=== Requirement ===
Reproduce word for word, from the entries below, the line with "TEST : VIS_LIB/CrypParts/TEST", the line with "COILOUTF/2 -> MASTER/2", and every line between them, and nothing more.

────────────────

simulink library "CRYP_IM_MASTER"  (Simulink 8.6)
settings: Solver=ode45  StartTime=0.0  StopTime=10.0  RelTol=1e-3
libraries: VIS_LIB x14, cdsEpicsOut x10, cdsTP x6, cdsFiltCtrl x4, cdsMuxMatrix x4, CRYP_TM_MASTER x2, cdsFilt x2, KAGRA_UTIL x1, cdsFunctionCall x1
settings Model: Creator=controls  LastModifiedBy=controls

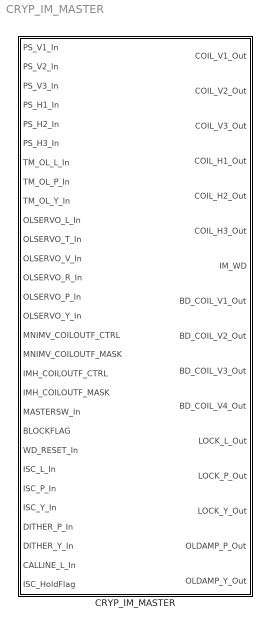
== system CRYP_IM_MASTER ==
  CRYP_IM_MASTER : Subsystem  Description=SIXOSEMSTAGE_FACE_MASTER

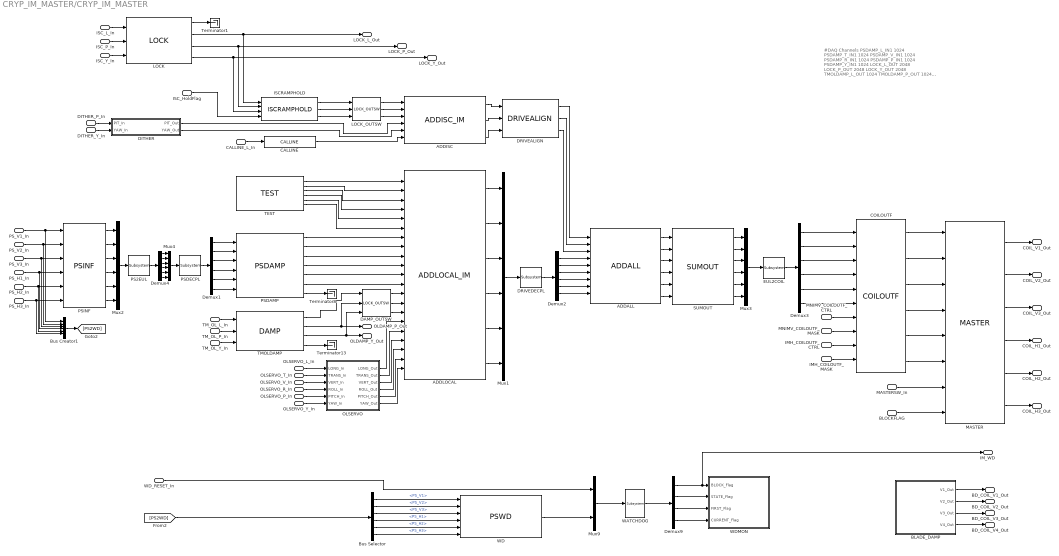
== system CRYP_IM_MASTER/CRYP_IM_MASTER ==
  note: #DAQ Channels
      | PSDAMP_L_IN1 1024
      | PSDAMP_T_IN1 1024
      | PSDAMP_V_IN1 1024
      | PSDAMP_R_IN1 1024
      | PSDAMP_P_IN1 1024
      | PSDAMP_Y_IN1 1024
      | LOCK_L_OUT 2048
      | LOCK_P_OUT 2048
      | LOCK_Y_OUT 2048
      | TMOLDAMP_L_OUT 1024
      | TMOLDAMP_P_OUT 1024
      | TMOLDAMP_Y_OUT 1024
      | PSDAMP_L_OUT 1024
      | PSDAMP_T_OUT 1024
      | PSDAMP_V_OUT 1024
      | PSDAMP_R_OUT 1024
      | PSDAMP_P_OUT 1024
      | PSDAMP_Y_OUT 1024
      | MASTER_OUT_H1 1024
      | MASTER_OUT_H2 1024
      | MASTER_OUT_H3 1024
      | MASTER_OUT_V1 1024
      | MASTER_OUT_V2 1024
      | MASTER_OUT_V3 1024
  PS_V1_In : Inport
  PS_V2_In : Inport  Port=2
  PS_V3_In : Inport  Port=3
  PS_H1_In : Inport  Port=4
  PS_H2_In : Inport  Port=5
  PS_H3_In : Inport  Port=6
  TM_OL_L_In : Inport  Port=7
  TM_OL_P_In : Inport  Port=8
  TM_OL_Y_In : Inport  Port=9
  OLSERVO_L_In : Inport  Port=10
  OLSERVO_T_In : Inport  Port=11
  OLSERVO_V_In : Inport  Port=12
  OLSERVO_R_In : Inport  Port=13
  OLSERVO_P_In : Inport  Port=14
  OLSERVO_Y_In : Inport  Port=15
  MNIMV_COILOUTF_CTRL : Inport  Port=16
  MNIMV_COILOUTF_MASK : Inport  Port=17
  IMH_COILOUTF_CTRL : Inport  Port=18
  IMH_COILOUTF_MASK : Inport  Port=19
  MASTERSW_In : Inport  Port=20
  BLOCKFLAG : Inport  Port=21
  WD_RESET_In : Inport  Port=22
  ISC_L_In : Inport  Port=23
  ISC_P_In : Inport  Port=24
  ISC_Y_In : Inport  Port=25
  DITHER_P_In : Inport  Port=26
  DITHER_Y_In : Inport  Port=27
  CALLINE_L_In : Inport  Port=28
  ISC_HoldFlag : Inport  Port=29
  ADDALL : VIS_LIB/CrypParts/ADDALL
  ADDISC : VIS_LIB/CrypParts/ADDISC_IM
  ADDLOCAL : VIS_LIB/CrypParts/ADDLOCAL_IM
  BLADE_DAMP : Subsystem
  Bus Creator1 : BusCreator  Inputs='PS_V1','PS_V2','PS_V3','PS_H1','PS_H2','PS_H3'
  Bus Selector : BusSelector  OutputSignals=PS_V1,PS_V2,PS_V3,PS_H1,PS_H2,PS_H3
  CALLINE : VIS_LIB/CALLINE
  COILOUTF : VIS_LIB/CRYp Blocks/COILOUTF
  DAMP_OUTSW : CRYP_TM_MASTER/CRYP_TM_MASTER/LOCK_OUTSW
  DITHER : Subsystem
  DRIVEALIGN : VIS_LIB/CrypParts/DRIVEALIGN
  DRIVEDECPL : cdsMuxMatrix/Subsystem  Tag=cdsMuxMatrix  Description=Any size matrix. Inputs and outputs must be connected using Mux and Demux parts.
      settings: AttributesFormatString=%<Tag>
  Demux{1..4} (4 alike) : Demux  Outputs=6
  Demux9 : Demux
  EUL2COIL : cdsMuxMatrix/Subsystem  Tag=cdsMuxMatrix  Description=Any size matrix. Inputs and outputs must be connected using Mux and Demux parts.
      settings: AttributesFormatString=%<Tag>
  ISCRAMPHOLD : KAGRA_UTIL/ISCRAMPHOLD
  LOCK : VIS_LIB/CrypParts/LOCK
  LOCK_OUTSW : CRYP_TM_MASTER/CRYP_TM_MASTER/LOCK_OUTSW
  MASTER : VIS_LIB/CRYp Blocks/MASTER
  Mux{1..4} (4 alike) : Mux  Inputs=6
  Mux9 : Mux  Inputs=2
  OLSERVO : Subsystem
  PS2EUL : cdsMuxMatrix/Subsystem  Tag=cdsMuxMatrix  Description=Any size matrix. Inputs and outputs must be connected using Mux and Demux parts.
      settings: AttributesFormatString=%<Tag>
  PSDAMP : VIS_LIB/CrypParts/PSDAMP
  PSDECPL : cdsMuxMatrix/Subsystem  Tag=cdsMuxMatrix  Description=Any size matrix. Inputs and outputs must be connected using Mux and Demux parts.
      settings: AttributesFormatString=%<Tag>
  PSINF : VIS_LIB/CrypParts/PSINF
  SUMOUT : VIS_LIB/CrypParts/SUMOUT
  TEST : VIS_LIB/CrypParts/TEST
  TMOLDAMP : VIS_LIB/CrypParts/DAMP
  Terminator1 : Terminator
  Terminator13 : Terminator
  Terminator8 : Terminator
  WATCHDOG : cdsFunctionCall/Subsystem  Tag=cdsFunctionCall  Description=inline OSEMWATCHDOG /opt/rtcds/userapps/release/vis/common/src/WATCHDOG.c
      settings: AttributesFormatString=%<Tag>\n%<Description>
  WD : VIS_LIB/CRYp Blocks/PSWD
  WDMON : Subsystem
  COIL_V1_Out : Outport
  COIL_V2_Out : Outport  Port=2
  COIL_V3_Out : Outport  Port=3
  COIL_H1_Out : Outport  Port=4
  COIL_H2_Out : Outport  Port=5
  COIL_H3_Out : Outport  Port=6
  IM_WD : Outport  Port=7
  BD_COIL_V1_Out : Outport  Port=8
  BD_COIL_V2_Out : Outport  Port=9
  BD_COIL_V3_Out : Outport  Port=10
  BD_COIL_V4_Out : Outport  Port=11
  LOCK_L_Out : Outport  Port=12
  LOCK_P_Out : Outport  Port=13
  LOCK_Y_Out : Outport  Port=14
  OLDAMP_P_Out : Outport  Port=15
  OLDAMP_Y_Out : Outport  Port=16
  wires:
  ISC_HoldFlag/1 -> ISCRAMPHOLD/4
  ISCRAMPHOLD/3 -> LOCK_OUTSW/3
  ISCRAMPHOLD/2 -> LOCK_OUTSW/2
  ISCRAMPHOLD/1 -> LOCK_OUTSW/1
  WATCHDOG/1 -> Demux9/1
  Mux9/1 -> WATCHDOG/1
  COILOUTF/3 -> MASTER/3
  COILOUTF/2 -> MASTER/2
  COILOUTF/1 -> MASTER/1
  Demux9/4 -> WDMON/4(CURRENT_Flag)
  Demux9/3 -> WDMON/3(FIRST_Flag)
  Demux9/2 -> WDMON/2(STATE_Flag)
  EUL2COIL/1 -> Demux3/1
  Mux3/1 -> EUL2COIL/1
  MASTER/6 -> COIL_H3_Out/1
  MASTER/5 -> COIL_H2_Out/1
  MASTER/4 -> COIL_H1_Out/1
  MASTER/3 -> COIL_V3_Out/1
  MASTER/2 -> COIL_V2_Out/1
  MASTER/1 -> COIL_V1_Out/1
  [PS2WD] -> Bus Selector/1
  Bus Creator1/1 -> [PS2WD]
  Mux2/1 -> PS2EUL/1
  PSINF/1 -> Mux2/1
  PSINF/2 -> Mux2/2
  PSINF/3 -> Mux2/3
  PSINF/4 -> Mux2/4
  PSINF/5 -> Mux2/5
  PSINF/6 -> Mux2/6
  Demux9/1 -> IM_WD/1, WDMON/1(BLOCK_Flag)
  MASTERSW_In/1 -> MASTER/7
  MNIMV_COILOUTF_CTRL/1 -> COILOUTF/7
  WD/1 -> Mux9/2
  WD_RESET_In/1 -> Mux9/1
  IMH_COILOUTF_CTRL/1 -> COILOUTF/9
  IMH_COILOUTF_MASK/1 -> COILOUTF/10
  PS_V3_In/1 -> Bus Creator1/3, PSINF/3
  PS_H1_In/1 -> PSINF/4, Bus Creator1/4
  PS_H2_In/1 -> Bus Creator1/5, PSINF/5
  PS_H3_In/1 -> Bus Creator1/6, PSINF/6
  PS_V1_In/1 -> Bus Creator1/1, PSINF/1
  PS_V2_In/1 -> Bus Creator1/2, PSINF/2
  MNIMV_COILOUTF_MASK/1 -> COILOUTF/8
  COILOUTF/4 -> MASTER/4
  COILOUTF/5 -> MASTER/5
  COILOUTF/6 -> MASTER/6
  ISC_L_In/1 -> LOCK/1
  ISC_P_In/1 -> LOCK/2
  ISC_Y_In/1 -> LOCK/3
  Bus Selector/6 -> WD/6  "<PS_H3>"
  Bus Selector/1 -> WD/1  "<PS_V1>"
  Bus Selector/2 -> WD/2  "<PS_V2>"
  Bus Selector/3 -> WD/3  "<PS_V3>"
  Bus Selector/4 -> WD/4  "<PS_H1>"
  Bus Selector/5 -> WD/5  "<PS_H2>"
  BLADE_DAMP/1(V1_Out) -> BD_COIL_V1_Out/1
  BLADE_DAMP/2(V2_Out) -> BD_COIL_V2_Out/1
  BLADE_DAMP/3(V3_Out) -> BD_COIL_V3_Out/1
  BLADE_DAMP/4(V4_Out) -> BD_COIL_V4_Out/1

────────────────

=== Response area ===
  TEST : VIS_LIB/CrypParts/TEST
  TMOLDAMP : VIS_LIB/CrypParts/DAMP
  Terminator1 : Terminator
  Terminator13 : Terminator
  Terminator8 : Terminator
  WATCHDOG : cdsFunctionCall/Subsystem  Tag=cdsFunctionCall  Description=inline OSEMWATCHDOG /opt/rtcds/userapps/release/vis/common/src/WATCHDOG.c
      settings: AttributesFormatString=%<Tag>\n%<Description>
  WD : VIS_LIB/CRYp Blocks/PSWD
  WDMON : Subsystem
  COIL_V1_Out : Outport
  COIL_V2_Out : Outport  Port=2
  COIL_V3_Out : Outport  Port=3
  COIL_H1_Out : Outport  Port=4
  COIL_H2_Out : Outport  Port=5
  COIL_H3_Out : Outport  Port=6
  IM_WD : Outport  Port=7
  BD_COIL_V1_Out : Outport  Port=8
  BD_COIL_V2_Out : Outport  Port=9
  BD_COIL_V3_Out : Outport  Port=10
  BD_COIL_V4_Out : Outport  Port=11
  LOCK_L_Out : Outport  Port=12
  LOCK_P_Out : Outport  Port=13
  LOCK_Y_Out : Outport  Port=14
  OLDAMP_P_Out : Outport  Port=15
  OLDAMP_Y_Out : Outport  Port=16
  wires:
  ISC_HoldFlag/1 -> ISCRAMPHOLD/4
  ISCRAMPHOLD/3 -> LOCK_OUTSW/3
  ISCRAMPHOLD/2 -> LOCK_OUTSW/2
  ISCRAMPHOLD/1 -> LOCK_OUTSW/1
  WATCHDOG/1 -> Demux9/1
  Mux9/1 -> WATCHDOG/1
  COILOUTF/3 -> MASTER/3
  COILOUTF/2 -> MASTER/2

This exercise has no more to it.